• [What to work on] Below are the records; copy exactly the stretch from the line containing "me_cube_001.use_remesh_preserve_attributes = False" through the line containing "scene.cycles.sample_clamp_indirect = 0.0", both ends included, and nothing else.

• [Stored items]
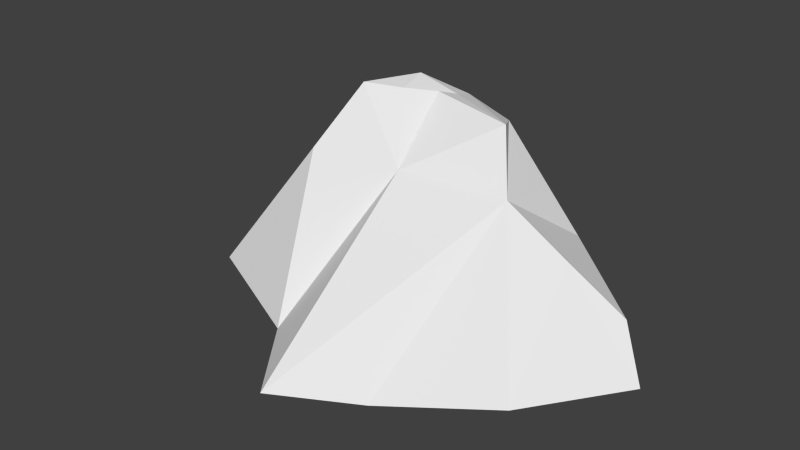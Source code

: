 # Source: Rock01.blend  (saved by Blender 2.69.0; exported with 4.5.12 LTS)
import bpy
from mathutils import Matrix  # noqa: F401  (used for matrix-valued properties, if any)

bpy.ops.wm.read_factory_settings(use_empty=True)
scene = bpy.context.scene
scene.name = 'Scene'

# ---- collections
col_collection_1 = bpy.data.collections.new('Collection 1'); scene.collection.children.link(col_collection_1)

# ---- world
world_world = bpy.data.worlds.new('World'); scene.world = world_world
world_world.color = (0.05088, 0.05088, 0.05088)
world_world.use_sun_shadow = False
world_world.sun_shadow_jitter_overblur = 0.0
world_world.cycles.sampling_method = 'MANUAL'
world_world.cycles.sample_map_resolution = 256

# ---- meshes
me_cube_001 = bpy.data.meshes.new('Cube.001')
me_cube_001.from_pydata([(-2.897, -1.541, -0.7421), (-1.571, -0.8656, 1.318), (-3.657, 0.8656, -1.042), (-2.331, 1.541, 1.018), (2.741, -1.773, -0.9684), (2.445, -0.01338, 0.4025), (3.857, -0.298, -0.919), (3.345, 0.1123, -0.2267), (-1.176, 1.774, -1.001), (-0.457, 1.415, 0.6072), (-0.9642, -2.374, -0.9057), (-0.2453, -0.4814, 1.186), (1.835, 1.26, 0.1044), (1.07, -2.692, -1.156), (1.858, 1.89, -0.9517), (1.376, -0.0115, 1.025), (-1.251, -0.07085, 2.207), (-1.285, 1.09, 1.93), (-0.3493, 0.5941, 2.082), (-0.2345, 1.211, 1.894), (0.9398, 0.5155, 1.901), (0.5917, 1.104, 1.701), (-0.07603, -3.583, -0.9851), (-1.365, 0.5613, 2.053), (-0.7023, 0.2099, 2.161), (-0.8574, 1.202, 1.896), (-0.1943, 0.8509, 2.004), (-0.7798, 0.7061, 2.248)], [], [(0, 1, 3, 2), (14, 12, 7, 6), (6, 7, 5, 4), (10, 11, 1, 0), (14, 6, 4, 13), (3, 1, 16, 23, 17), (11, 15, 20, 18), (2, 8, 10, 0), (2, 3, 9, 8), (4, 5, 15, 13), (7, 12, 15, 5), (8, 14, 13, 10), (8, 9, 12, 14), (27, 23, 16, 24), (21, 19, 26, 18, 20), (9, 3, 17, 25, 19), (1, 11, 18, 24, 16), (12, 9, 19, 21), (15, 12, 21, 20), (10, 22, 11), (13, 22, 10), (15, 11, 22), (15, 22, 13), (26, 27, 24, 18), (19, 25, 27, 26), (25, 17, 23, 27)])
_uv = me_cube_001.uv_layers.new(name='UVMap')
_uv.uv.foreach_set('vector', [0.3868, 0.3699, 0.581, 0.3434, 0.6376, 0.4606, 0.4779, 0.5995, 0.9819, 0.3632, 0.8746, 0.3096, 0.9096, 0.1647, 0.9566, 0.08988, 0.9566, 0.08988, 0.9096, 0.1647, 0.8327, 0.1988, 0.79, 0.01182, 0.4529, 0.1604, 0.6479, 0.2815, 0.581, 0.3434, 0.3868, 0.3699, 0.4431, 0.6433, 0.5304, 0.8497, 0.4138, 0.9271, 0.2707, 0.9502, 0.6376, 0.4606, 0.581, 0.3434, 0.6397, 0.3505, 0.6495, 0.3723, 0.6651, 0.3956, 0.6479, 0.2815, 0.7599, 0.2547, 0.7268, 0.3118, 0.685, 0.3467, 0.02402, 0.5748, 0.2239, 0.5748, 0.1327, 0.8755, 0.01573, 0.7668, 0.4779, 0.5995, 0.6376, 0.4606, 0.7499, 0.4345, 0.7704, 0.6019, 0.79, 0.01182, 0.8327, 0.1988, 0.7599, 0.2547, 0.6069, 0.01182, 0.9096, 0.1647, 0.8746, 0.3096, 0.7599, 0.2547, 0.8327, 0.1988, 0.2239, 0.5748, 0.4431, 0.6433, 0.2707, 0.9502, 0.1327, 0.8755, 0.7704, 0.6019, 0.7499, 0.4345, 0.8746, 0.3096, 0.9819, 0.3632, 0.6712, 0.3622, 0.6495, 0.3723, 0.6397, 0.3505, 0.6612, 0.3453, 0.7413, 0.3417, 0.7077, 0.3697, 0.6991, 0.3529, 0.685, 0.3467, 0.7268, 0.3118, 0.7499, 0.4345, 0.6376, 0.4606, 0.6651, 0.3956, 0.6828, 0.3814, 0.7077, 0.3697, 0.581, 0.3434, 0.6479, 0.2815, 0.685, 0.3467, 0.6612, 0.3453, 0.6397, 0.3505, 0.8746, 0.3096, 0.7499, 0.4345, 0.7077, 0.3697, 0.7413, 0.3417, 0.7599, 0.2547, 0.8746, 0.3096, 0.7413, 0.3417, 0.7268, 0.3118, 0.4529, 0.1604, 0.4795, 0.02394, 0.6479, 0.2815, 0.2707, 0.9502, 0.1655, 0.9843, 0.1327, 0.8755, 0.7599, 0.2547, 0.6479, 0.2815, 0.4795, 0.02394, 0.7599, 0.2547, 0.4795, 0.02394, 0.6069, 0.01182, 0.6991, 0.3529, 0.6712, 0.3622, 0.6612, 0.3453, 0.685, 0.3467, 0.7077, 0.3697, 0.6828, 0.3814, 0.6712, 0.3622, 0.6991, 0.3529, 0.6828, 0.3814, 0.6651, 0.3956, 0.6495, 0.3723, 0.6712, 0.3622])
me_cube_001.use_remesh_preserve_volume = False
me_cube_001.use_remesh_preserve_attributes = False
me_cube_001.use_mirror_vertex_groups = False
me_cube_001.update()

# ---- objects
ob_cube = bpy.data.objects.new('Cube', me_cube_001)

# ---- transforms, parenting, visibility, modifiers, constraints
ob_cube.location = (0.0, 0.0, 1.0)
ob_cube.lineart.crease_threshold = 0.0

# ---- collection membership
col_collection_1.objects.link(ob_cube)

# ---- scene / render settings (as saved in the file)
scene.frame_start = 1; scene.frame_end = 250; scene.frame_set(1)
scene.render.engine = 'BLENDER_EEVEE_NEXT'
scene.render.resolution_percentage = 50
scene.render.dither_intensity = 0.0
scene.cycles.use_denoising = False
scene.cycles.samples = 10
scene.cycles.sampling_pattern = 'TABULATED_SOBOL'
scene.cycles.light_sampling_threshold = 0.0
scene.cycles.use_adaptive_sampling = False
scene.cycles.use_light_tree = False
scene.cycles.blur_glossy = 0.0
scene.cycles.volume_bounces = 1
scene.cycles.pixel_filter_type = 'GAUSSIAN'
scene.cycles.sample_clamp_indirect = 0.0
scene.view_settings.view_transform = 'Standard'
bpy.context.view_layer.update()

# ---- added for rendering (the .blend has no active camera and no usable light): camera, sun
cam_auto = bpy.data.cameras.new('AutoCamera')
cam_auto.lens = 50.0
cam_auto.sensor_width = 36.0
cam_auto.clip_end = 1000.0
ob_auto_camera = bpy.data.objects.new('AutoCamera', cam_auto)
scene.collection.objects.link(ob_auto_camera)
ob_auto_camera.location = (9.25876, -11.8373, 8.87299)
ob_auto_camera.rotation_euler = (1.09748, -7.21219e-08, 0.694738)
scene.camera = ob_auto_camera
light_auto_sun = bpy.data.lights.new('AutoSun', 'SUN')
light_auto_sun.energy = 3.0
light_auto_sun.angle = 0.0523599
ob_auto_sun = bpy.data.objects.new('AutoSun', light_auto_sun)
scene.collection.objects.link(ob_auto_sun)
ob_auto_sun.rotation_euler = (0.872665, 0.174533, 0.523599)
bpy.context.view_layer.update()

• [Answer]
me_cube_001.use_remesh_preserve_attributes = False
me_cube_001.use_mirror_vertex_groups = False
me_cube_001.update()

# ---- objects
ob_cube = bpy.data.objects.new('Cube', me_cube_001)

# ---- transforms, parenting, visibility, modifiers, constraints
ob_cube.location = (0.0, 0.0, 1.0)
ob_cube.lineart.crease_threshold = 0.0

# ---- collection membership
col_collection_1.objects.link(ob_cube)

# ---- scene / render settings (as saved in the file)
scene.frame_start = 1; scene.frame_end = 250; scene.frame_set(1)
scene.render.engine = 'BLENDER_EEVEE_NEXT'
scene.render.resolution_percentage = 50
scene.render.dither_intensity = 0.0
scene.cycles.use_denoising = False
scene.cycles.samples = 10
scene.cycles.sampling_pattern = 'TABULATED_SOBOL'
scene.cycles.light_sampling_threshold = 0.0
scene.cycles.use_adaptive_sampling = False
scene.cycles.use_light_tree = False
scene.cycles.blur_glossy = 0.0
scene.cycles.volume_bounces = 1
scene.cycles.pixel_filter_type = 'GAUSSIAN'
scene.cycles.sample_clamp_indirect = 0.0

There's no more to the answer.